→ **About this exercise**
Find the line in the entries below that contains "doc.units = ezdxf.units.MM". Repeat it exactly, and every line after it through the line that contains "doc.linetypes.add('HIDDEN', pattern=[9.525, 6.35, -3.175])".

→ **Supplied entries**
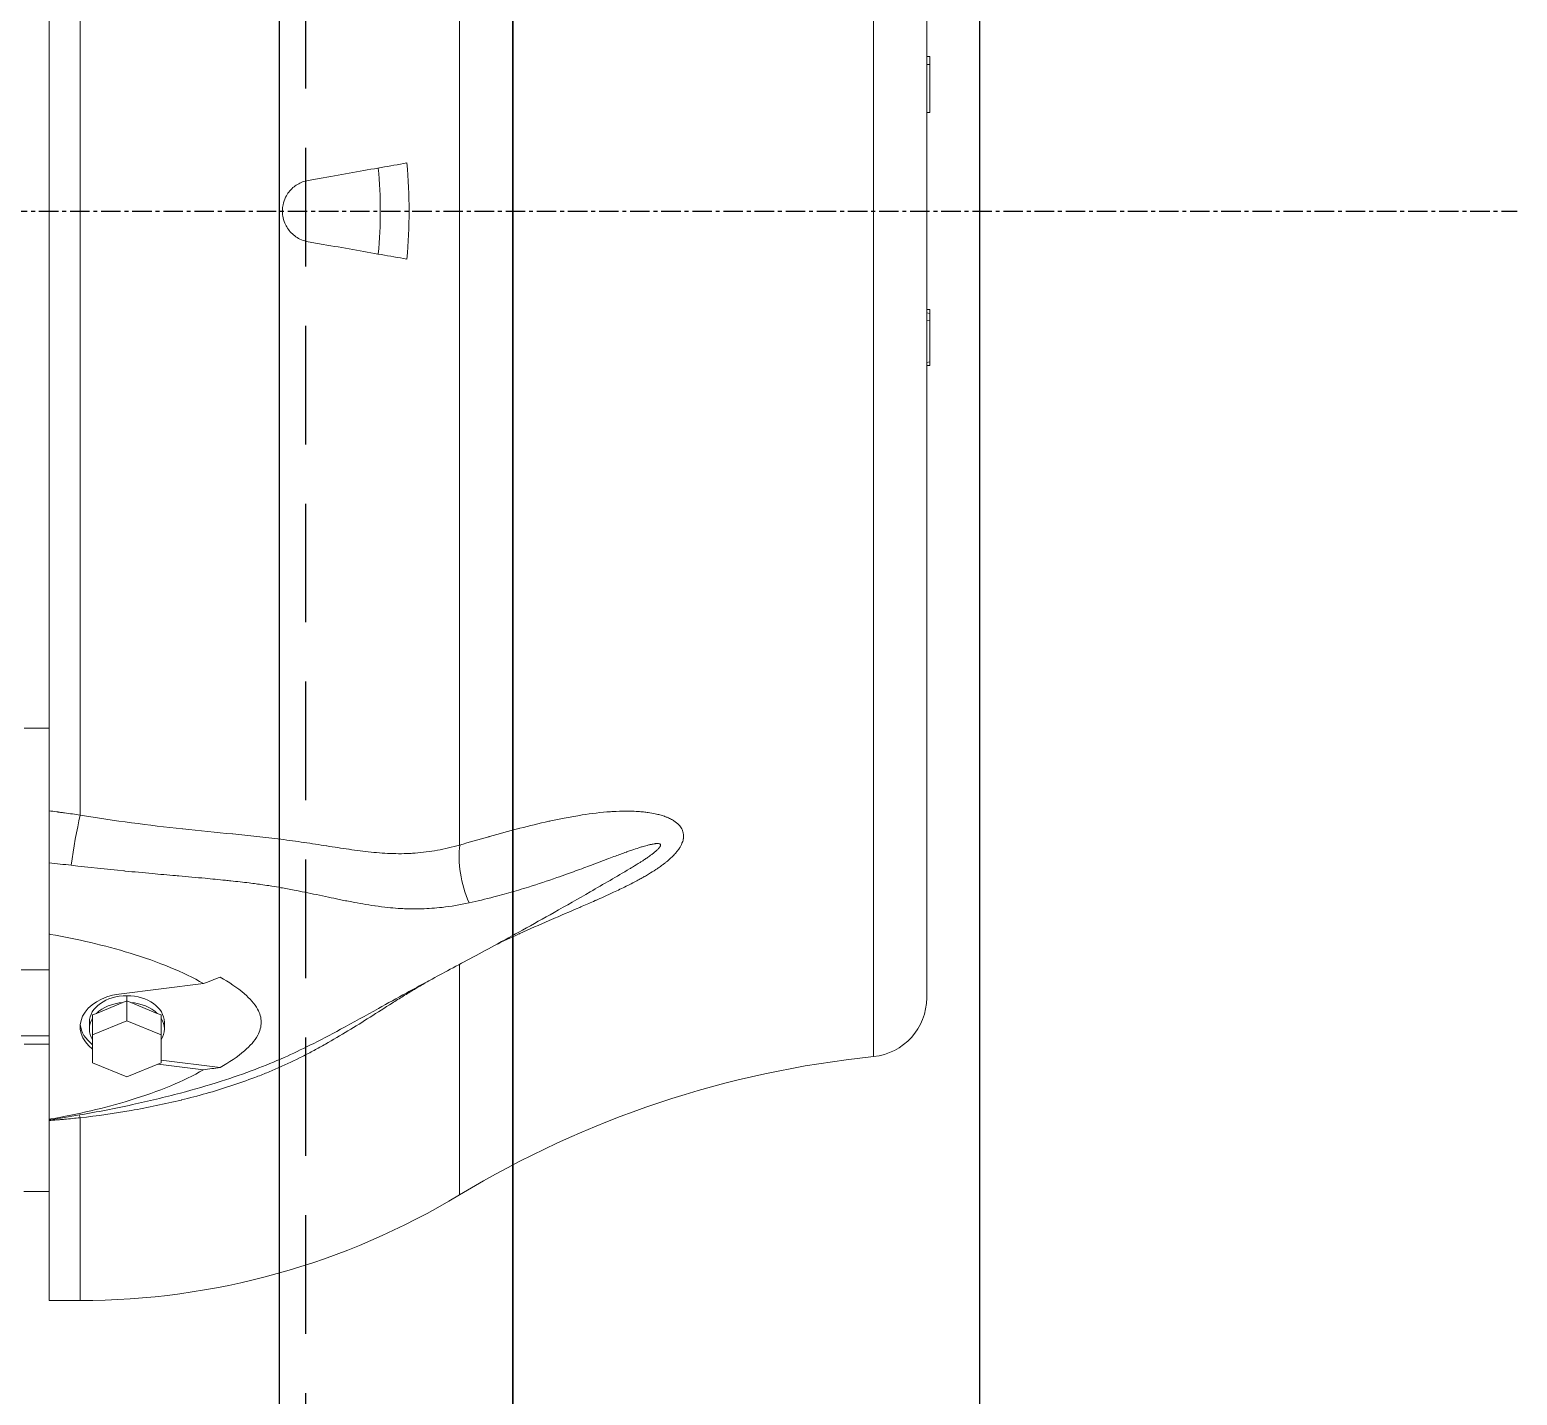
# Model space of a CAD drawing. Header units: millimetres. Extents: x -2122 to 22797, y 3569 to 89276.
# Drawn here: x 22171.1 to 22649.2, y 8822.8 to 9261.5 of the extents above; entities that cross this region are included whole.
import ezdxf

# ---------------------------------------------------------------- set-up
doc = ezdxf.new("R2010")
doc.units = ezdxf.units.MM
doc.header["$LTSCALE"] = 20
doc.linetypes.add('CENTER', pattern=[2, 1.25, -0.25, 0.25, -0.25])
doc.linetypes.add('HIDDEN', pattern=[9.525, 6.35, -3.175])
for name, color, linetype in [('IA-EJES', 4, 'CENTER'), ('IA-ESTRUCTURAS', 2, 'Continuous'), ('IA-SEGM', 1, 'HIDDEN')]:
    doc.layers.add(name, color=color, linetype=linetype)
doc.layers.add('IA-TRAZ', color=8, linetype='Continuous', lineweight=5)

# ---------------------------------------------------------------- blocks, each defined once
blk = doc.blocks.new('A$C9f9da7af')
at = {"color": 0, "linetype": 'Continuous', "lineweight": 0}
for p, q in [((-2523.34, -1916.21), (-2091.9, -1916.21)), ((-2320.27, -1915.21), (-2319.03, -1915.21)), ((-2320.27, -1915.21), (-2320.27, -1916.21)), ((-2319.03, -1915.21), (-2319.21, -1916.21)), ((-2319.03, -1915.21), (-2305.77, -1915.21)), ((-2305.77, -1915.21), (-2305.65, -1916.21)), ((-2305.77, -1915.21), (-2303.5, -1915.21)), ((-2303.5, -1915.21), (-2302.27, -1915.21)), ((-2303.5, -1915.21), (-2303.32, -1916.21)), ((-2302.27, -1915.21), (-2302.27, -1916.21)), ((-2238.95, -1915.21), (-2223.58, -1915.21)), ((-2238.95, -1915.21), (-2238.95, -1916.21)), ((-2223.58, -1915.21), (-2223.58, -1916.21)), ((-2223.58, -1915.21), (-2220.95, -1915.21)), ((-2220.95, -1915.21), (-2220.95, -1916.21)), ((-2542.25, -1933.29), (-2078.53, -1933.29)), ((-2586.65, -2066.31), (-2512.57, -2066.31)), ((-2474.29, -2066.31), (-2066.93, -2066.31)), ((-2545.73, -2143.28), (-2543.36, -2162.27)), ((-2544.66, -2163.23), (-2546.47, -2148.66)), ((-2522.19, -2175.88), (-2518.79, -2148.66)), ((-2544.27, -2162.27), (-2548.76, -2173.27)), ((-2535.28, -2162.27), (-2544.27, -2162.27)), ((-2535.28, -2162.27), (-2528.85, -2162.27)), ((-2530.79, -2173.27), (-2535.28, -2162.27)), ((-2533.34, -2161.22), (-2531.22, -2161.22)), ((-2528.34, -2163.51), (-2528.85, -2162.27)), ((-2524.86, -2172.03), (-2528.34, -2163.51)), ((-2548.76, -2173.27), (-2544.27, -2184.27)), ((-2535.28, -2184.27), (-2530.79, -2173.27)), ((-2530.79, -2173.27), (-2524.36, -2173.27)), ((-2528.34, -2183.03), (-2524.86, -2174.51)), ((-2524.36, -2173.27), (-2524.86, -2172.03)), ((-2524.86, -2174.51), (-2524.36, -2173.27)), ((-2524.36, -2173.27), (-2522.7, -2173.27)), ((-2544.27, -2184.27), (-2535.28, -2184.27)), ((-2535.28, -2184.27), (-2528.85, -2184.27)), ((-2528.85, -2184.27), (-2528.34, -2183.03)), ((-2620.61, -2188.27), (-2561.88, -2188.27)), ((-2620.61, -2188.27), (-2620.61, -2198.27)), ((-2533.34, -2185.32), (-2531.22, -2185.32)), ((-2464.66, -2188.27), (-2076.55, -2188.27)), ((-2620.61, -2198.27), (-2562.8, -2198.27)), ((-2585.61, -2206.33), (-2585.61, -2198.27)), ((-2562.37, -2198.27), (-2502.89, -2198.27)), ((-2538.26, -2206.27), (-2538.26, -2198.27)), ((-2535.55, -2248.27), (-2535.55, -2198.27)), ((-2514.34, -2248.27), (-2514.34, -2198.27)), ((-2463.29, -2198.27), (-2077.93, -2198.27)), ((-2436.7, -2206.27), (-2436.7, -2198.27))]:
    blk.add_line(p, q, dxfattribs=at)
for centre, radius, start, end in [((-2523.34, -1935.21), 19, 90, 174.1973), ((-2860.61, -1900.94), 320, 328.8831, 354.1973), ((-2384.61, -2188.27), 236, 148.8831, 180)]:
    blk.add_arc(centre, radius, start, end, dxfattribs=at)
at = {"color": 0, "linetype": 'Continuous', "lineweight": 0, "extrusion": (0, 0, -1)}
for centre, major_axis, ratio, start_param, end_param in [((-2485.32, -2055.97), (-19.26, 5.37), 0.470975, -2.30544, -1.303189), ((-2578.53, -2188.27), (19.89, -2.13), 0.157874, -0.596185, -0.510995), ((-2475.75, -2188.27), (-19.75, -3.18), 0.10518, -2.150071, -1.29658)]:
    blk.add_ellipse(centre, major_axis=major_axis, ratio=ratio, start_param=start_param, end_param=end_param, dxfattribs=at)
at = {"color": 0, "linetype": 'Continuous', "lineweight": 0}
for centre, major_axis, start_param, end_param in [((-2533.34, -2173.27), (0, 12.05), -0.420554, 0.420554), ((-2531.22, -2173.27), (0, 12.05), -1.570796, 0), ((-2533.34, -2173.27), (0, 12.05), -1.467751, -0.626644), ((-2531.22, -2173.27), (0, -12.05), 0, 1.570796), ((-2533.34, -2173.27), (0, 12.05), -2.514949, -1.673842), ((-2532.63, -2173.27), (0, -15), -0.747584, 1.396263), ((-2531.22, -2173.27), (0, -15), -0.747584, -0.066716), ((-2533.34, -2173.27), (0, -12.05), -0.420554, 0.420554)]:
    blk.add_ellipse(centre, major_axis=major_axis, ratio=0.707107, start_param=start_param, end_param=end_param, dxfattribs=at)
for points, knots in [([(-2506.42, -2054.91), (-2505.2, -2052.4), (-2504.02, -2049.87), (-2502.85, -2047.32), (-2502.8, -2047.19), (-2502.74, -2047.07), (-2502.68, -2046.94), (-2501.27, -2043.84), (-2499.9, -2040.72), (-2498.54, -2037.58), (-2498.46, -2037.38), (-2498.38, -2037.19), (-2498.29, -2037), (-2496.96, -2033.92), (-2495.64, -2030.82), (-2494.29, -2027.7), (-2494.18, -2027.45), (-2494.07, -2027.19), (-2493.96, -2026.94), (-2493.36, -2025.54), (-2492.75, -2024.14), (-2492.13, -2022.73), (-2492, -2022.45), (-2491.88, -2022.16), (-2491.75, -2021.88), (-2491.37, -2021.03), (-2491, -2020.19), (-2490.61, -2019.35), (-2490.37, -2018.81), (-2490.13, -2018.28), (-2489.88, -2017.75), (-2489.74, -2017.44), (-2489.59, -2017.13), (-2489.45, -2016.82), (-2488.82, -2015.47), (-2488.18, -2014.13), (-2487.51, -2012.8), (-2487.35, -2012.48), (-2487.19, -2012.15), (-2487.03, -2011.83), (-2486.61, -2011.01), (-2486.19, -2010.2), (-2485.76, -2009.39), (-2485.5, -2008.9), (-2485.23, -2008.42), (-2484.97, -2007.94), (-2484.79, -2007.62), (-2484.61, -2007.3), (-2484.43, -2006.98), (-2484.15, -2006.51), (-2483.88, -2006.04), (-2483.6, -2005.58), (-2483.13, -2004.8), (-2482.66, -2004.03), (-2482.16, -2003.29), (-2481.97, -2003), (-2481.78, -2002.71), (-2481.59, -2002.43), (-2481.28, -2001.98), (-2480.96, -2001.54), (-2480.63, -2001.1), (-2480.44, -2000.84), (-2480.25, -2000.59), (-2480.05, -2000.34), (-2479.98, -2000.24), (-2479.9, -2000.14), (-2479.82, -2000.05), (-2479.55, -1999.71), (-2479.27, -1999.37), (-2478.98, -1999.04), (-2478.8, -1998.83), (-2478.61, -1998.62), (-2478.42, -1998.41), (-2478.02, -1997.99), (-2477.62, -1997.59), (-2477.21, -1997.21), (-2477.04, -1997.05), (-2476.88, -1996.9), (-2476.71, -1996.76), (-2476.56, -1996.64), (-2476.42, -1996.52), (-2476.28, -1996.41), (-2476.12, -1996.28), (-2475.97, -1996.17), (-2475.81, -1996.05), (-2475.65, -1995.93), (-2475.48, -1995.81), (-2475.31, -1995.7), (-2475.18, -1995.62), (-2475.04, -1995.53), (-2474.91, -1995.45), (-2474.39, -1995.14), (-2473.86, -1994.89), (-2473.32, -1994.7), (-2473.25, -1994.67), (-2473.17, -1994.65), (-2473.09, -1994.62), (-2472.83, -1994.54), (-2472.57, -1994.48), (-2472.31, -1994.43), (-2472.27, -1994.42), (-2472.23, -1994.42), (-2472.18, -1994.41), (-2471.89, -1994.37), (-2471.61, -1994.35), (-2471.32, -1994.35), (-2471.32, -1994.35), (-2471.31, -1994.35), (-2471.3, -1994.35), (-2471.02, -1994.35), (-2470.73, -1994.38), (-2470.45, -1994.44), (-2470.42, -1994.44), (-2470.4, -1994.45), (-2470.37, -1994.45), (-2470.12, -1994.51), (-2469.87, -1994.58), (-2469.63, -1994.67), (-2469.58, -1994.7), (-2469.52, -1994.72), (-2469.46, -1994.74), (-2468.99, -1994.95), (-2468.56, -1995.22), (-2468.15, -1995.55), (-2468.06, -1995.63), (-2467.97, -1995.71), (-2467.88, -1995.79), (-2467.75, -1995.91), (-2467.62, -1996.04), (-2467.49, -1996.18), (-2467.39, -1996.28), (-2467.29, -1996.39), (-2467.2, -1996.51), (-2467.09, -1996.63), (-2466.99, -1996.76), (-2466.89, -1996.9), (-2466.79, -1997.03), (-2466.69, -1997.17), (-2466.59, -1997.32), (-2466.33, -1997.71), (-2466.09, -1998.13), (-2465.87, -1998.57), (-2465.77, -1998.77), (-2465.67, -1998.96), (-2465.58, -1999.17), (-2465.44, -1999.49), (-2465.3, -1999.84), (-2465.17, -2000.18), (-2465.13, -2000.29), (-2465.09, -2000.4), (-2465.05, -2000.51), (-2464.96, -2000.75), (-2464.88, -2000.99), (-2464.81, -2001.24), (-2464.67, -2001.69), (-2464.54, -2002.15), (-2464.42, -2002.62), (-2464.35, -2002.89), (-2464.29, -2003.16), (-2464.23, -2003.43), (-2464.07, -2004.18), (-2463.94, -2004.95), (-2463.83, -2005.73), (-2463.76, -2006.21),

→ **Exercise response**
doc.units = ezdxf.units.MM
doc.header["$LTSCALE"] = 20
doc.linetypes.add('CENTER', pattern=[2, 1.25, -0.25, 0.25, -0.25])
doc.linetypes.add('HIDDEN', pattern=[9.525, 6.35, -3.175])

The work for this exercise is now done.